WHAT TO PRODUCE.
Starting from the line in which "L1.2, U1.1 (SW)" appears, output every line down to the last line of the data below, exactly and without anything more.
---- EXCERPTED DATA
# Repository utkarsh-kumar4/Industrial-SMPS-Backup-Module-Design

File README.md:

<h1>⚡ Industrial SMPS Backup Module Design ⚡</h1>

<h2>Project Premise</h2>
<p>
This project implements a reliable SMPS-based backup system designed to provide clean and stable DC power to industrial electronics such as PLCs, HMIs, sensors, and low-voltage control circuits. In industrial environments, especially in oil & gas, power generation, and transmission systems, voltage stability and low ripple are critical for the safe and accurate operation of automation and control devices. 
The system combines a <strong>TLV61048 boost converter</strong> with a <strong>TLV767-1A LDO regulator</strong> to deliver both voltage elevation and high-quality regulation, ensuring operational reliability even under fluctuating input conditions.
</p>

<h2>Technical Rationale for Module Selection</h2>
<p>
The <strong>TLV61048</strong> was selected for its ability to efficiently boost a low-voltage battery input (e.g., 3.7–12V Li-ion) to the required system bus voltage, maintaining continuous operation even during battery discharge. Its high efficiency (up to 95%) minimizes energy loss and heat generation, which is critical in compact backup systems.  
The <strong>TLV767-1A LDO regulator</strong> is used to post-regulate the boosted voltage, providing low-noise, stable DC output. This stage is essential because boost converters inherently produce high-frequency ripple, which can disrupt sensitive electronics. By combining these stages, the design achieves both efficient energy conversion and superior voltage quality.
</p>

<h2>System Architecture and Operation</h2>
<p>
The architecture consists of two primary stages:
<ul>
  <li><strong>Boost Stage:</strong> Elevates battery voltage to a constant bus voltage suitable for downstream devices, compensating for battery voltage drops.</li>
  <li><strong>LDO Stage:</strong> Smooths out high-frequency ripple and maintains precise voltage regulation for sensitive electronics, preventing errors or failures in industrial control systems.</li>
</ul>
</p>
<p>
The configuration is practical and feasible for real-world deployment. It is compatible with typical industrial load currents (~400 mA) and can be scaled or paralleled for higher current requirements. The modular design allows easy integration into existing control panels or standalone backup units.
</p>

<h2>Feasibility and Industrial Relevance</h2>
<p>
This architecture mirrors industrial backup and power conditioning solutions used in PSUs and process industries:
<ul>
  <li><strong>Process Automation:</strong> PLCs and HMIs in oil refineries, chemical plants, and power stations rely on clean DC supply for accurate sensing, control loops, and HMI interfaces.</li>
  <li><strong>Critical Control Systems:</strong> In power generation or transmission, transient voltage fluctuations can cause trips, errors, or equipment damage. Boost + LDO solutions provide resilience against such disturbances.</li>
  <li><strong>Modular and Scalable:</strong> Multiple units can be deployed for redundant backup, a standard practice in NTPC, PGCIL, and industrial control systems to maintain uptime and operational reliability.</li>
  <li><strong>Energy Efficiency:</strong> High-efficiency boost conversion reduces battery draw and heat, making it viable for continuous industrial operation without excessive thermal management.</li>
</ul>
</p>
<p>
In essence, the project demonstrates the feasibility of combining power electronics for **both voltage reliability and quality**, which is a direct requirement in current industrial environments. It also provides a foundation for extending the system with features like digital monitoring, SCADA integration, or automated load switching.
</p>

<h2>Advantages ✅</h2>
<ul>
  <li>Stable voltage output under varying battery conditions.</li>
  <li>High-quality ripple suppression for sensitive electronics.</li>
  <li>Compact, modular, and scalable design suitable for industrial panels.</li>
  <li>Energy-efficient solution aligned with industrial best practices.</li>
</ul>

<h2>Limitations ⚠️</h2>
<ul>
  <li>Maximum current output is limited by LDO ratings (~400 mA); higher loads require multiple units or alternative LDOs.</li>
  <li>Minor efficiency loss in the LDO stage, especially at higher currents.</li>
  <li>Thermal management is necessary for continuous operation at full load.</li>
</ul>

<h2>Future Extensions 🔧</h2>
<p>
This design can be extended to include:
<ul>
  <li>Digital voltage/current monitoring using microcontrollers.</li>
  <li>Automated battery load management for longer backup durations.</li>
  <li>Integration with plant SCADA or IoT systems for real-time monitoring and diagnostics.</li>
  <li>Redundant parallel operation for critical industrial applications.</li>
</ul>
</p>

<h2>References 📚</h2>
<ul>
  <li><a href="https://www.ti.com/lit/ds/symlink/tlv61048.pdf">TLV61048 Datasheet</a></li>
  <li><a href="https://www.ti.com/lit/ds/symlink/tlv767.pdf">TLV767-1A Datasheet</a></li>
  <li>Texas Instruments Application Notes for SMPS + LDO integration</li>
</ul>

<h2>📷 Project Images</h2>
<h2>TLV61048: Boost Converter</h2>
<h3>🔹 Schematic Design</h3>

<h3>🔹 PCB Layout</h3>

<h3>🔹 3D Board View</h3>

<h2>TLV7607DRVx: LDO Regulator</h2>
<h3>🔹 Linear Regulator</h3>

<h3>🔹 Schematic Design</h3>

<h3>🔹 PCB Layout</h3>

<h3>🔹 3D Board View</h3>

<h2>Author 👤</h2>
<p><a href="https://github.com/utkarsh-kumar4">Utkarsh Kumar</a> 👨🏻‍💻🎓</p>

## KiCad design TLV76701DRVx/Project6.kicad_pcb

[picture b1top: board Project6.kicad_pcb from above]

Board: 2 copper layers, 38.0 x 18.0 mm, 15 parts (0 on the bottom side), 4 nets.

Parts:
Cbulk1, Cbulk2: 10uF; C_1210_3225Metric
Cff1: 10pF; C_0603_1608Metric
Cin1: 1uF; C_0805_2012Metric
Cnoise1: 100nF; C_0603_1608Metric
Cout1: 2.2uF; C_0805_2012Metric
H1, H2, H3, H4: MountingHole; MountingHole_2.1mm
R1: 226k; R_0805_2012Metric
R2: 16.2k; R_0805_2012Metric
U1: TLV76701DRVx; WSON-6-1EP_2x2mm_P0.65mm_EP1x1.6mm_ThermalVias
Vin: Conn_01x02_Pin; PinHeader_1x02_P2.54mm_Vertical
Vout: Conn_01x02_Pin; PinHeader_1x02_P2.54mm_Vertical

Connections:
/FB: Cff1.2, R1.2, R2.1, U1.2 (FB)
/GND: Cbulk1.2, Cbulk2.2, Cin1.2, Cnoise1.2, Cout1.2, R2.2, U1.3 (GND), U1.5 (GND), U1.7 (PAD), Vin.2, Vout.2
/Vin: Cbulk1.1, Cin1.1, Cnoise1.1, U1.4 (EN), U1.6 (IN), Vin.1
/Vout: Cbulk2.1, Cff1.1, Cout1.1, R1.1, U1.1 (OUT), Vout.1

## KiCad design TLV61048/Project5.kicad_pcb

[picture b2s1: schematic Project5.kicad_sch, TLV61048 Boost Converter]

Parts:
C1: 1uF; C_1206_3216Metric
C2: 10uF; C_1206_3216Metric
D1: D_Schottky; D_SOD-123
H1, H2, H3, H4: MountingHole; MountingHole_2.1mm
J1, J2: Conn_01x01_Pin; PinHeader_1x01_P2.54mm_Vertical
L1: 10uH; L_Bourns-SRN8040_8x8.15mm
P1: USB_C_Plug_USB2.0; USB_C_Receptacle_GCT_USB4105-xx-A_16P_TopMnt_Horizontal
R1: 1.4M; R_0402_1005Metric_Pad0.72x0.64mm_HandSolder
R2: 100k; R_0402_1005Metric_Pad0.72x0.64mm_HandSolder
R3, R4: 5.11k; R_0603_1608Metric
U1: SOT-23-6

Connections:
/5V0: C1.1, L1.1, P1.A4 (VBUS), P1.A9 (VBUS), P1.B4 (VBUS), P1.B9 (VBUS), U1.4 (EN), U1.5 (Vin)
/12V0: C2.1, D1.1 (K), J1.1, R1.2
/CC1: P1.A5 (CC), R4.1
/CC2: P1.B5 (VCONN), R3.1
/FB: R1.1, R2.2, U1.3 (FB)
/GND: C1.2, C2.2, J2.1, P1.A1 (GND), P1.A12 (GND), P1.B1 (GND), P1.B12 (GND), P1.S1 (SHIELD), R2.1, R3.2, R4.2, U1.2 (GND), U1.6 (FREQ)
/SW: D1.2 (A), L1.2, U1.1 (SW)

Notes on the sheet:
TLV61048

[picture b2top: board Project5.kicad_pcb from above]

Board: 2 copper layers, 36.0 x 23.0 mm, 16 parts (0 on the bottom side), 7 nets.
--------
OUTPUT BELOW.
/SW: D1.2 (A), L1.2, U1.1 (SW)

Notes on the sheet:
TLV61048

[picture b2top: board Project5.kicad_pcb from above]

Board: 2 copper layers, 36.0 x 23.0 mm, 16 parts (0 on the bottom side), 7 nets.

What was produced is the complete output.